(TASK REQUIREMENTS) Extract, exactly as written, each line from the start of the records below to the line containing "(-38.3085, 38.464101615), align=None, mode=Mode.SUBTRACT)", both ends included; drop the pictures.

(STORED DATA)
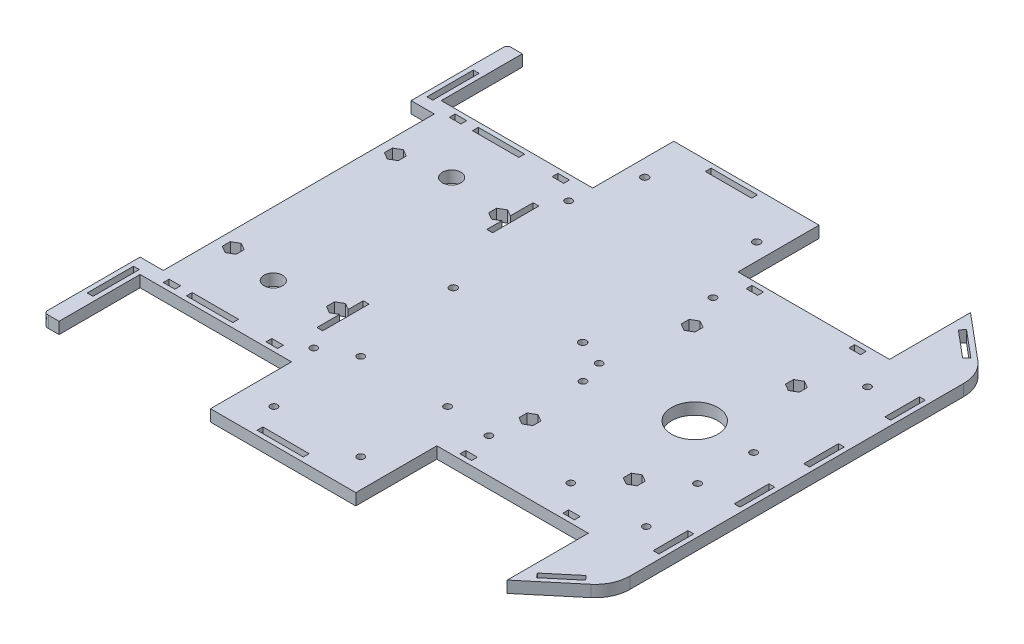
from build123d import *

# Parameters (mm, degrees)
SKETCH1_W           = 2.5
SKETCH1_H           = 20
SKETCH1_W_2         = 5
SKETCH1_H_2         = 2.5
SKETCH1_W_3         = 20
SKETCH1_R           = 1.5
SKETCH1_H_3         = 15
SKETCH1_R_2         = 1.6
SKETCH1_R_3         = 10
SKETCH1_R_4         = 4
BOSS_EXTRUDE1_DEPTH = 2.5
FILLET1_SIZE        = 2
FILLET2_R           = 15


with BuildPart() as part:
    # Sketch1 → Boss-Extrude1 (new, symmetric)
    with BuildSketch(Plane(origin=(0, 0, 0), x_dir=(1, 0, 0), z_dir=(0, 1, 0))):
        Polygon((100, -65), (100, -100), (125, -79.022509221), (125, 79.022509221), (100, 100), (100, 65), (34.617, 65), (34.617, 100), (-28.117, 100), (-28.117, 65), (-93.5, 65), (-93.5, 100), (-100, 100), (-100, 58.5), (-90, 58.5), (-90, -58.5), (-100, -58.5), (-100, -100), (-93.5, -100), (-93.5, -65), (-28.117, -65), (-28.117, -100), (34.617, -100), (34.617, -65), align=None)
        Polygon((-35.5, 36.842613384), (-35.5, 46.666666667), (-33, 46.666666667), (-33, 26.666666667), (-35.5, 26.666666667), (-35.5, 33.157386616), (-38.3085, 31.535898385), (-41.3085, 33.267949192), (-41.3085, 36.732050808), (-38.3085, 38.464101615), align=None, mode=Mode.SUBTRACT)
        Polygon((-35.5, -33.157386616), (-35.5, -26.666666667), (-33, -26.666666667), (-33, -46.666666667), (-35.5, -46.666666667), (-35.5, -36.842613384), (-38.3085, -38.464101615), (-41.3085, -36.732050808), (-41.3085, -33.267949192), (-38.3085, -31.535898385), align=None, mode=Mode.SUBTRACT)
        with Locations((-96.75, -73.333333333)):
            Rectangle(SKETCH1_W, SKETCH1_H, mode=Mode.SUBTRACT)
        with Locations((-83, -61.75)):
            Rectangle(SKETCH1_W_2, SKETCH1_H_2, mode=Mode.SUBTRACT)
        with Locations((-65.5, -61.75)):
            Rectangle(SKETCH1_W_3, SKETCH1_H_2, mode=Mode.SUBTRACT)
        with Locations((0, -96.75)):
            Rectangle(SKETCH1_W_3, SKETCH1_H_2, mode=Mode.SUBTRACT)
        with Locations(Location((-15.248, -85.5, 0), (0, 0, 270))):
            Circle(SKETCH1_R, mode=Mode.SUBTRACT)
        with Locations((-38.617, -61.75)):
            Rectangle(SKETCH1_W_2, SKETCH1_H_2, mode=Mode.SUBTRACT)
        with Locations(Location((-28.5, -55, 0), (0, 0, 270))):
            Circle(SKETCH1_R, mode=Mode.SUBTRACT)
        with Locations(Location((-15.248, -48, 0), (0, 0, 270))):
            Circle(SKETCH1_R, mode=Mode.SUBTRACT)
        with Locations(Location((22.252, -85.5, 0), (0, 0, 270))):
            Circle(SKETCH1_R, mode=Mode.SUBTRACT)
        with Locations((45.117, -61.75)):
            Rectangle(SKETCH1_W_2, SKETCH1_H_2, mode=Mode.SUBTRACT)
        Polygon((105.469091457, -92.800072797), (103.862122433, -90.884961689), (115.35278908, -81.243147544), (116.959758104, -83.158258651), align=None, mode=Mode.SUBTRACT)
        with Locations(Location((77.441, -50, 0), (0, 0, 270))):
            Circle(SKETCH1_R, mode=Mode.SUBTRACT)
        with Locations((89.5, -61.75)):
            Rectangle(SKETCH1_W_2, SKETCH1_H_2, mode=Mode.SUBTRACT)
        with Locations((121.75, -50.007009332)):
            Rectangle(SKETCH1_W, SKETCH1_H_3, mode=Mode.SUBTRACT)
        with Locations(Location((22.252, -48, 0), (0, 0, 270))):
            Circle(SKETCH1_R, mode=Mode.SUBTRACT)
        with Locations(Location((42.055, -50, 0), (0, 0, 270))):
            Circle(SKETCH1_R, mode=Mode.SUBTRACT)
        Polygon((47.8085, -36.732050808), (44.8085, -38.464101615), (41.8085, -36.732050808), (41.8085, -33.267949192), (44.8085, -31.535898385), (47.8085, -33.267949192), align=None, mode=Mode.SUBTRACT)
        with Locations(Location((42.055, -9.36, 0), (0, 0, 270))):
            Circle(SKETCH1_R, mode=Mode.SUBTRACT)
        Polygon((89.8085, -31.535898385), (92.8085, -33.267949192), (92.8085, -36.732050808), (89.8085, -38.464101615), (86.8085, -36.732050808), (86.8085, -33.267949192), align=None, mode=Mode.SUBTRACT)
        with Locations(Location((110, -50, 0), (0, 0, 270))):
            Circle(SKETCH1_R, mode=Mode.SUBTRACT)
        with Locations(Location((105, -22.822, 0), (0, 0, 270))):
            Circle(SKETCH1_R, mode=Mode.SUBTRACT)
        with Locations((121.75, -15.007009332)):
            Rectangle(SKETCH1_W, SKETCH1_H_3, mode=Mode.SUBTRACT)
        with Locations((-83, 61.75)):
            Rectangle(SKETCH1_W_2, SKETCH1_H_2, mode=Mode.SUBTRACT)
        with Locations((-96.75, 73.333333333)):
            Rectangle(SKETCH1_W, SKETCH1_H, mode=Mode.SUBTRACT)
        with Locations((-65.5, 61.75)):
            Rectangle(SKETCH1_W_3, SKETCH1_H_2, mode=Mode.SUBTRACT)
        with Locations((-38.617, 61.75)):
            Rectangle(SKETCH1_W_2, SKETCH1_H_2, mode=Mode.SUBTRACT)
        with Locations(Location((-28.5, 55, 0), (0, 0, 270))):
            Circle(SKETCH1_R, mode=Mode.SUBTRACT)
        with Locations(Location((-20.92, 80.26, 0), (0, 0, 270))):
            Circle(SKETCH1_R_2, mode=Mode.SUBTRACT)
        with Locations((0, 96.75)):
            Rectangle(SKETCH1_W_3, SKETCH1_H_2, mode=Mode.SUBTRACT)
        with Locations(Location((27.42, 5.13, 0), (0, 0, 270))):
            Circle(SKETCH1_R_2, mode=Mode.SUBTRACT)
        with Locations(Location((38.83, 0.851, 0), (0, 0, 270))):
            Circle(SKETCH1_R, mode=Mode.SUBTRACT)
        Polygon((47.8085, 36.732050808), (47.8085, 33.267949192), (44.8085, 31.535898385), (41.8085, 33.267949192), (41.8085, 36.732050808), (44.8085, 38.464101615), align=None, mode=Mode.SUBTRACT)
        with Locations(Location((80.93, 0, 0), (0, 0, 270))):
            Circle(SKETCH1_R_3, mode=Mode.SUBTRACT)
        with Locations(Location((105.5, 0.851, 0), (0, 0, 270))):
            Circle(SKETCH1_R, mode=Mode.SUBTRACT)
        with Locations((121.75, 15.007009332)):
            Rectangle(SKETCH1_W, SKETCH1_H_3, mode=Mode.SUBTRACT)
        Polygon((89.8085, 31.535898385), (86.8085, 33.267949192), (86.8085, 36.732050808), (89.8085, 38.464101615), (92.8085, 36.732050808), (92.8085, 33.267949192), align=None, mode=Mode.SUBTRACT)
        with Locations(Location((38.83, 50, 0), (0, 0, 270))):
            Circle(SKETCH1_R, mode=Mode.SUBTRACT)
        with Locations((45.117, 61.75)):
            Rectangle(SKETCH1_W_2, SKETCH1_H_2, mode=Mode.SUBTRACT)
        with Locations(Location((27.42, 80.26, 0), (0, 0, 270))):
            Circle(SKETCH1_R_2, mode=Mode.SUBTRACT)
        with Locations((89.5, 61.75)):
            Rectangle(SKETCH1_W_2, SKETCH1_H_2, mode=Mode.SUBTRACT)
        with Locations(Location((105.5, 50, 0), (0, 0, 270))):
            Circle(SKETCH1_R, mode=Mode.SUBTRACT)
        with Locations((121.75, 50.007009332)):
            Rectangle(SKETCH1_W, SKETCH1_H_3, mode=Mode.SUBTRACT)
        Polygon((116.959758104, 83.158258651), (115.35278908, 81.243147544), (103.862122433, 90.884961689), (105.469091457, 92.800072797), align=None, mode=Mode.SUBTRACT)
        with Locations(Location((-62.5, 38.5, 0), (0, 0, 270))):
            Circle(SKETCH1_R_4, mode=Mode.SUBTRACT)
        Polygon((-80.3085, 33.267949192), (-83.3085, 31.535898385), (-86.3085, 33.267949192), (-86.3085, 36.732050808), (-83.3085, 38.464101615), (-80.3085, 36.732050808), align=None, mode=Mode.SUBTRACT)
        Polygon((-86.3085, -36.732050808), (-86.3085, -33.267949192), (-83.3085, -31.535898385), (-80.3085, -33.267949192), (-80.3085, -36.732050808), (-83.3085, -38.464101615), align=None, mode=Mode.SUBTRACT)
        with Locations(Location((-62.5, -38.5, 0), (0, 0, 270))):
            Circle(SKETCH1_R_4, mode=Mode.SUBTRACT)
        with Locations(Location((-20.92, -2.37, 0), (0, 0, 270))):
            Circle(SKETCH1_R_2, mode=Mode.SUBTRACT)
    extrude(amount=BOSS_EXTRUDE1_DEPTH, both=True)

    # Fillet1
    # a fillet whose section is not a circle: 2 mm, written as the material it takes off along each edge
    with BuildSketch(Plane(origin=(-100, -7.5, -100), x_dir=(0, 0, 1), z_dir=(0, 1, 0)), Plane(origin=(-100, -7.5, 100), x_dir=(1, 0, 0), z_dir=(0, 1, 0))) as fillet1_piece_1:
        with BuildLine():
            add(Edge.make_bspline([(FILLET1_SIZE, 0), (FILLET1_SIZE * 0.831801948466, 0), (FILLET1_SIZE * 0.663603896932, 0), (FILLET1_SIZE * 0.292893218813, FILLET1_SIZE * 0.0716919198361), (FILLET1_SIZE * 0.071691919836, FILLET1_SIZE * 0.292893218813), (0, FILLET1_SIZE * 0.663603896932), (0, FILLET1_SIZE * 0.831801948466), (0, FILLET1_SIZE)], knots=[0, 0, 0, 0, 0, 0, 0.5, 0.5, 1, 1, 1, 1, 1, 1], degree=5))
            Line((0, FILLET1_SIZE), (0, 0))
            Line((0, 0), (FILLET1_SIZE, 0))
        make_face()
    extrude(amount=15, mode=Mode.SUBTRACT)

    # Fillet2
    fillet2_edges = [part.edges().sort_by_distance(p)[0] for p in [
        (125, 0, -79.022509221),
        (125, 0, 79.022509221),
    ]]
    fillet(fillet2_edges, radius=FILLET2_R)


solid = part.part

(EXERCISE RESULT)
from build123d import *

# Parameters (mm, degrees)
SKETCH1_W           = 2.5
SKETCH1_H           = 20
SKETCH1_W_2         = 5
SKETCH1_H_2         = 2.5
SKETCH1_W_3         = 20
SKETCH1_R           = 1.5
SKETCH1_H_3         = 15
SKETCH1_R_2         = 1.6
SKETCH1_R_3         = 10
SKETCH1_R_4         = 4
BOSS_EXTRUDE1_DEPTH = 2.5
FILLET1_SIZE        = 2
FILLET2_R           = 15


with BuildPart() as part:
    # Sketch1 → Boss-Extrude1 (new, symmetric)
    with BuildSketch(Plane(origin=(0, 0, 0), x_dir=(1, 0, 0), z_dir=(0, 1, 0))):
        Polygon((100, -65), (100, -100), (125, -79.022509221), (125, 79.022509221), (100, 100), (100, 65), (34.617, 65), (34.617, 100), (-28.117, 100), (-28.117, 65), (-93.5, 65), (-93.5, 100), (-100, 100), (-100, 58.5), (-90, 58.5), (-90, -58.5), (-100, -58.5), (-100, -100), (-93.5, -100), (-93.5, -65), (-28.117, -65), (-28.117, -100), (34.617, -100), (34.617, -65), align=None)
        Polygon((-35.5, 36.842613384), (-35.5, 46.666666667), (-33, 46.666666667), (-33, 26.666666667), (-35.5, 26.666666667), (-35.5, 33.157386616), (-38.3085, 31.535898385), (-41.3085, 33.267949192), (-41.3085, 36.732050808), (-38.3085, 38.464101615), align=None, mode=Mode.SUBTRACT)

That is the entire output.